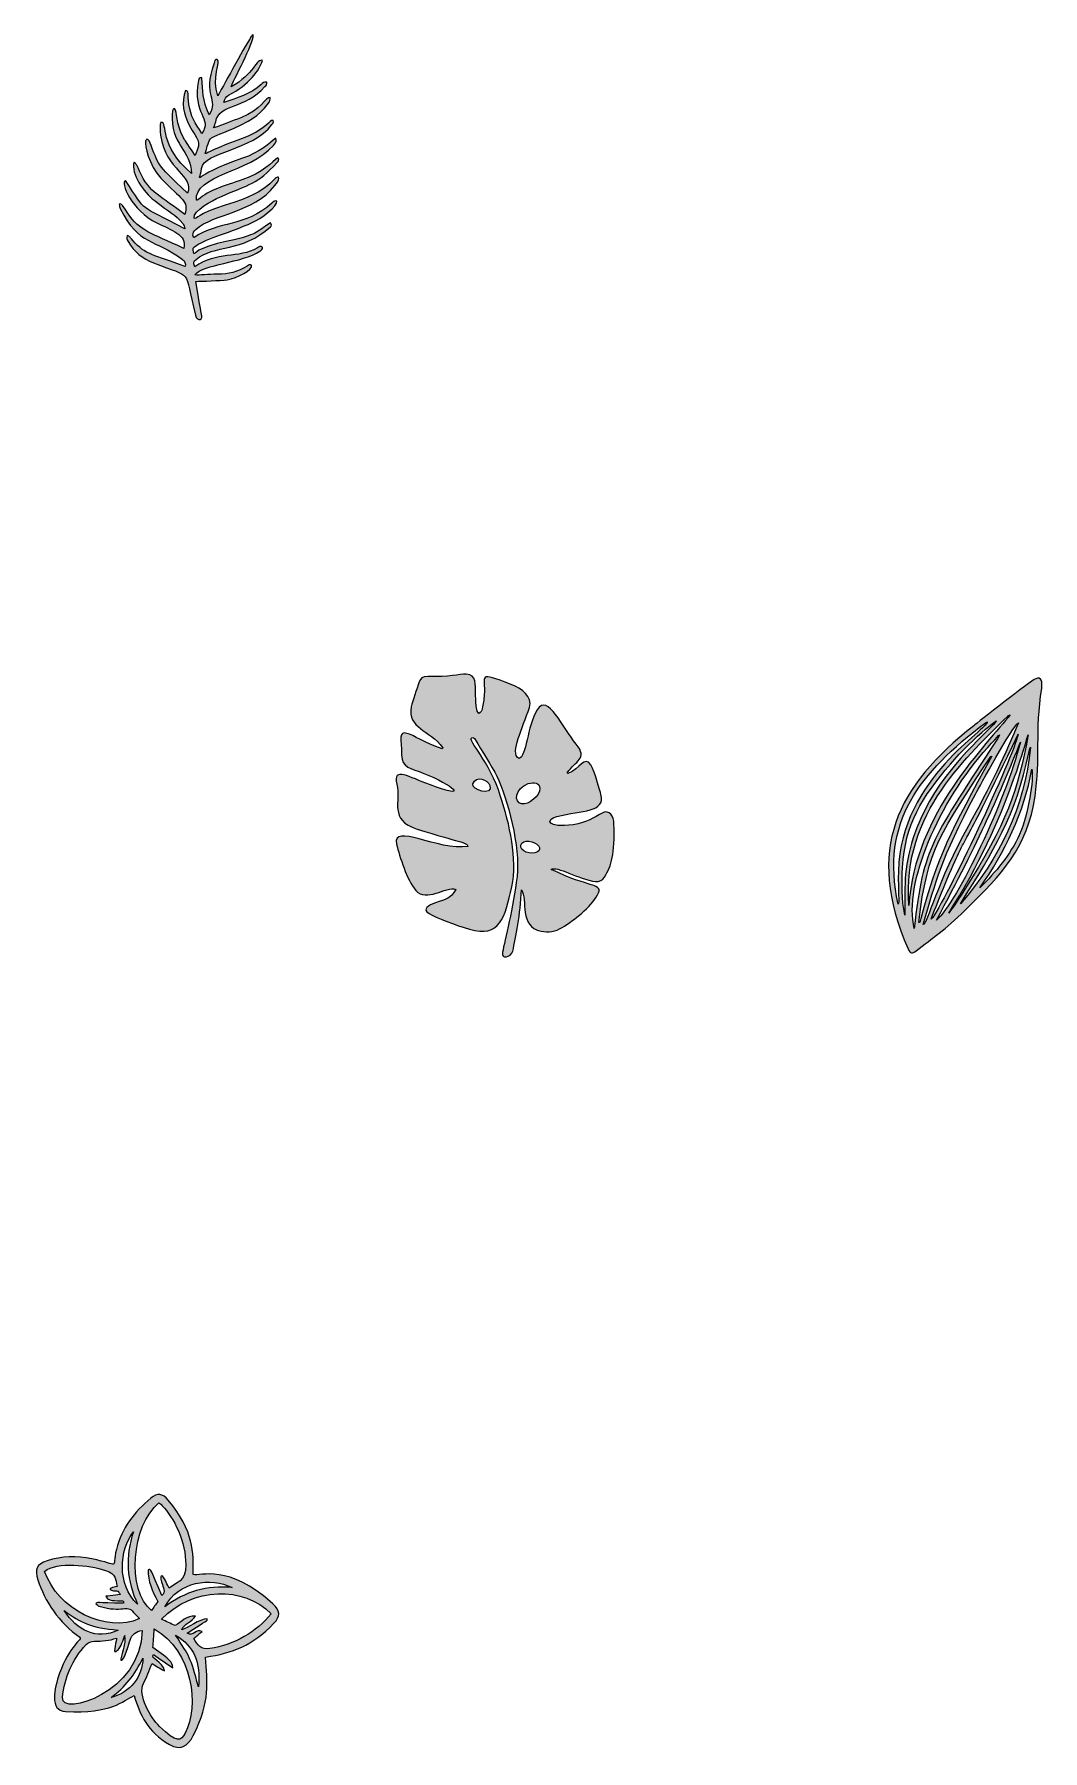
# Model space of a CAD drawing. Header units: millimetres. Extents: x 144 to 2414, y 783 to 2729.
# Drawn here: x 1804 to 2414, y 1671 to 2709 of the extents above; entities that cross this region are included whole.
import ezdxf

# ---------------------------------------------------------------- set-up
doc = ezdxf.new("R2010")
doc.units = ezdxf.units.MM
doc.header["$MEASUREMENT"] = 0
doc.layers.add('Слой 1', color=7, linetype='Continuous', lineweight=0)

msp = doc.modelspace()

# ---------------------------------------------------------------- hatches: boundary and pattern name
at = {"layer": 'Слой 1', "true_color": 0x000000, "transparency": 33554687}
h = msp.add_hatch(color=18, dxfattribs=at)
h.dxf.hatch_style = 2
edge = h.paths.add_edge_path()
edge.add_spline(control_points=[(1923.2, 2676.9), (1936.8, 2684.3), (1938.7, 2694.4), (1942.1, 2692.8), (1940.4, 2686.9), (1933.9, 2678.2), (1921.7, 2671.8), (1919.9, 2670.9), (1919.3, 2669.4), (1918.8, 2667.3), (1926.8, 2670.4), (1935, 2672.3), (1941.3, 2678.2), (1942.2, 2679), (1943.1, 2680.1), (1944.7, 2679.7), (1945.2, 2678.4), (1944.2, 2677.7), (1943.6, 2677), (1931.6, 2663.1), (1916, 2667.2), (1913.9, 2655.7), (1913.6, 2654.5), (1913.1, 2653.3), (1912.6, 2652), (1918.3, 2654.1), (1923.7, 2656.1), (1929.1, 2658.2), (1941.3, 2662.9), (1944.1, 2670.7), (1946.7, 2670.5), (1948.3, 2668.4), (1940.5, 2659.8), (1933.4, 2656.1), (1907.2, 2642.5), (1911.7, 2650.7), (1907.6, 2636.6), (1909, 2636.4), (1907.3, 2637.3), (1927.2, 2644.6), (1946.5, 2651.6), (1945.9, 2657.2), (1948.6, 2656.6), (1949.3, 2655.4), (1948.4, 2654.8), (1947.9, 2654.1), (1936.2, 2638.3), (1906.4, 2637.5), (1905.3, 2627.5), (1904.1, 2617.1), (1898.1, 2622.7), (1929.5, 2633.5), (1941.3, 2637.5), (1946.1, 2642.8), (1950.3, 2645.8), (1950.5, 2643.9), (1951.1, 2644.2), (1948.8, 2641.5), (1934, 2624.7), (1900.9, 2623.8), (1902.2, 2608.3), (1902.5, 2608.4), (1902.8, 2608.4), (1903, 2608.5), (1910.6, 2614.9), (1918.5, 2616.7), (1930.2, 2620.8), (1942.6, 2625.1), (1947.9, 2631.4), (1951.5, 2634), (1952.5, 2632.6), (1951.7, 2631.9), (1951.1, 2631.2), (1938.2, 2617.5), (1935.2, 2618.5), (1916.3, 2610.2), (1911.9, 2608.3), (1900.1, 2602.1), (1900.9, 2597.4), (1902.9, 2596.9), (1902.1, 2599.9), (1919.6, 2605.3), (1949.5, 2614.4), (1947.6, 2622.3), (1951.9, 2622.3), (1951.9, 2621), (1952.7, 2620.8), (1949.7, 2617.2), (1936.4, 2600.5), (1913.2, 2600.5), (1901.8, 2590.7), (1899.3, 2588.5), (1900.2, 2585.3), (1900.9, 2585.8), (1916, 2596), (1931.2, 2591.9), (1947.9, 2606.5), (1948.7, 2607.2), (1949.3, 2608.3), (1950.8, 2607.8), (1951.9, 2605), (1941.1, 2597.1), (1935.6, 2594.7), (1924.2, 2589.5), (1908.1, 2584.9), (1902.4, 2581.2), (1900, 2579.6), (1899.9, 2579.3), (1900.6, 2576.2), (1902.5, 2575.8), (1900, 2579.1), (1922, 2583.8), (1938.8, 2587.4), (1938.2, 2589), (1946.9, 2594.6), (1948.1, 2593.5), (1947.5, 2592.7), (1946.9, 2592.2), (1930.3, 2576.9), (1912.6, 2581.5), (1902.1, 2572.6), (1900.2, 2571), (1900.2, 2571), (1901.2, 2568.1), (1914.7, 2577.5), (1927.5, 2572.9), (1939.1, 2579.5), (1940, 2580), (1940.9, 2580.9), (1942.2, 2579.9), (1942.3, 2578.6), (1941.4, 2578.1), (1940.6, 2577.6), (1930.1, 2570.3), (1906.2, 2569.9), (1901.3, 2563.2), (1904.3, 2562.9), (1909, 2563.6), (1915, 2563.6), (1921.4, 2563.6), (1927.4, 2565), (1932.8, 2568.4), (1933.7, 2569), (1934.5, 2569.8), (1935.6, 2569), (1936.4, 2566.3), (1927, 2561.2), (1920.9, 2560.3), (1916.6, 2559.7), (1905.4, 2559.4), (1901.9, 2559.3), (1905, 2538), (1906.7, 2537.4), (1904.4, 2536.3), (1903.3, 2535.8), (1902.2, 2536.7), (1901.6, 2538.8), (1894.3, 2568.3), (1900.8, 2560.7), (1876.2, 2570.5), (1869.7, 2573.1), (1864.4, 2577.2), (1860.9, 2583.4), (1860, 2585), (1860, 2585), (1860.3, 2587.1), (1862.4, 2585.9), (1861.2, 2586.9), (1863.8, 2584), (1871.5, 2575.1), (1876.2, 2575.5), (1895.4, 2568.3), (1895.8, 2570), (1895.3, 2571.5), (1893.8, 2572.6), (1876.9, 2585.3), (1867.8, 2580.4), (1856.1, 2603.3), (1855.7, 2604), (1855.8, 2605), (1855.6, 2605.9), (1857, 2606.7), (1857.6, 2605), (1860.5, 2600.8), (1868.3, 2589.3), (1874.2, 2588.8), (1894.6, 2579.2), (1896.9, 2587.4), (1886.6, 2590.6), (1878.3, 2594.6), (1863, 2602), (1856, 2619.5), (1859.4, 2620.2), (1873.1, 2599.6), (1866.3, 2606.4), (1895.2, 2591.1), (1894.8, 2592.3), (1894.7, 2593.4), (1894.2, 2594.1), (1888.7, 2600.5), (1887, 2600.3), (1876.6, 2608.3), (1870.5, 2613.1), (1862.5, 2624.4), (1864.5, 2631.4), (1866, 2629.9), (1865.6, 2631.1), (1867.9, 2625.8), (1873.4, 2613), (1881.6, 2610.3), (1895.2, 2599.7), (1897.8, 2608.2), (1893.3, 2608.4), (1880.8, 2621.6), (1873.2, 2629.6), (1871, 2641.9), (1871.4, 2643.9), (1871.5, 2644.5), (1872, 2644.9), (1872.3, 2645.4), (1872.7, 2645), (1873.3, 2644.7), (1873.6, 2644.2), (1880.6, 2628.2), (1876.2, 2632.2), (1896.8, 2612.5), (1901.3, 2623.3), (1883.6, 2625.9), (1880.6, 2647.7), (1879.7, 2653.7), (1880.6, 2654.7), (1880.8, 2655.5), (1885.4, 2655.3), (1879.1, 2641.5), (1899.2, 2624.5), (1899.2, 2638.3), (1886.1, 2642.5), (1887.6, 2660.7), (1887.7, 2661.7), (1887.7, 2662.9), (1889, 2663.8), (1890.8, 2661.6), (1889.5, 2655.3), (1894.4, 2646.1), (1895.3, 2644.5), (1895.8, 2643.8), (1901.5, 2635.3), (1905.7, 2645.3), (1902.9, 2644.4), (1898, 2653.3), (1894.4, 2660), (1893, 2667.6), (1895.7, 2674.6), (1897.9, 2674.2), (1896.8, 2673), (1897.7, 2666.1), (1898.7, 2659), (1901.4, 2655.3), (1905.5, 2648.6), (1912.2, 2658.2), (1899.3, 2660.2), (1903.5, 2680.7), (1903.7, 2681.5), (1903.8, 2682.5), (1905.4, 2682.4), (1906.2, 2673.9), (1905.7, 2669.5), (1910, 2659.9), (1915.9, 2669.9), (1905.6, 2670.6), (1912.9, 2691.2), (1913.3, 2692.1), (1913.3, 2693.9), (1914.8, 2693.4), (1917.2, 2692.7), (1911.3, 2681.8), (1915.1, 2671.5), (1920.1, 2679.8), (1931.7, 2702.1), (1936.3, 2708.6), (1938.4, 2706.2), (1926.1, 2684.1), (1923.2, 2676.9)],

# # #

● Work to complete: Your answer should consist solely of the lines above from the line with "color=7, linetype='Continuous', lineweight=0)" to the line with "h.dxf.hatch_style = 2", both included, reproduced exactly.

● Solution to this task:
doc.layers.add('Слой 1', color=7, linetype='Continuous', lineweight=0)

msp = doc.modelspace()

# ---------------------------------------------------------------- hatches: boundary and pattern name
at = {"layer": 'Слой 1', "true_color": 0x000000, "transparency": 33554687}
h = msp.add_hatch(color=18, dxfattribs=at)
h.dxf.hatch_style = 2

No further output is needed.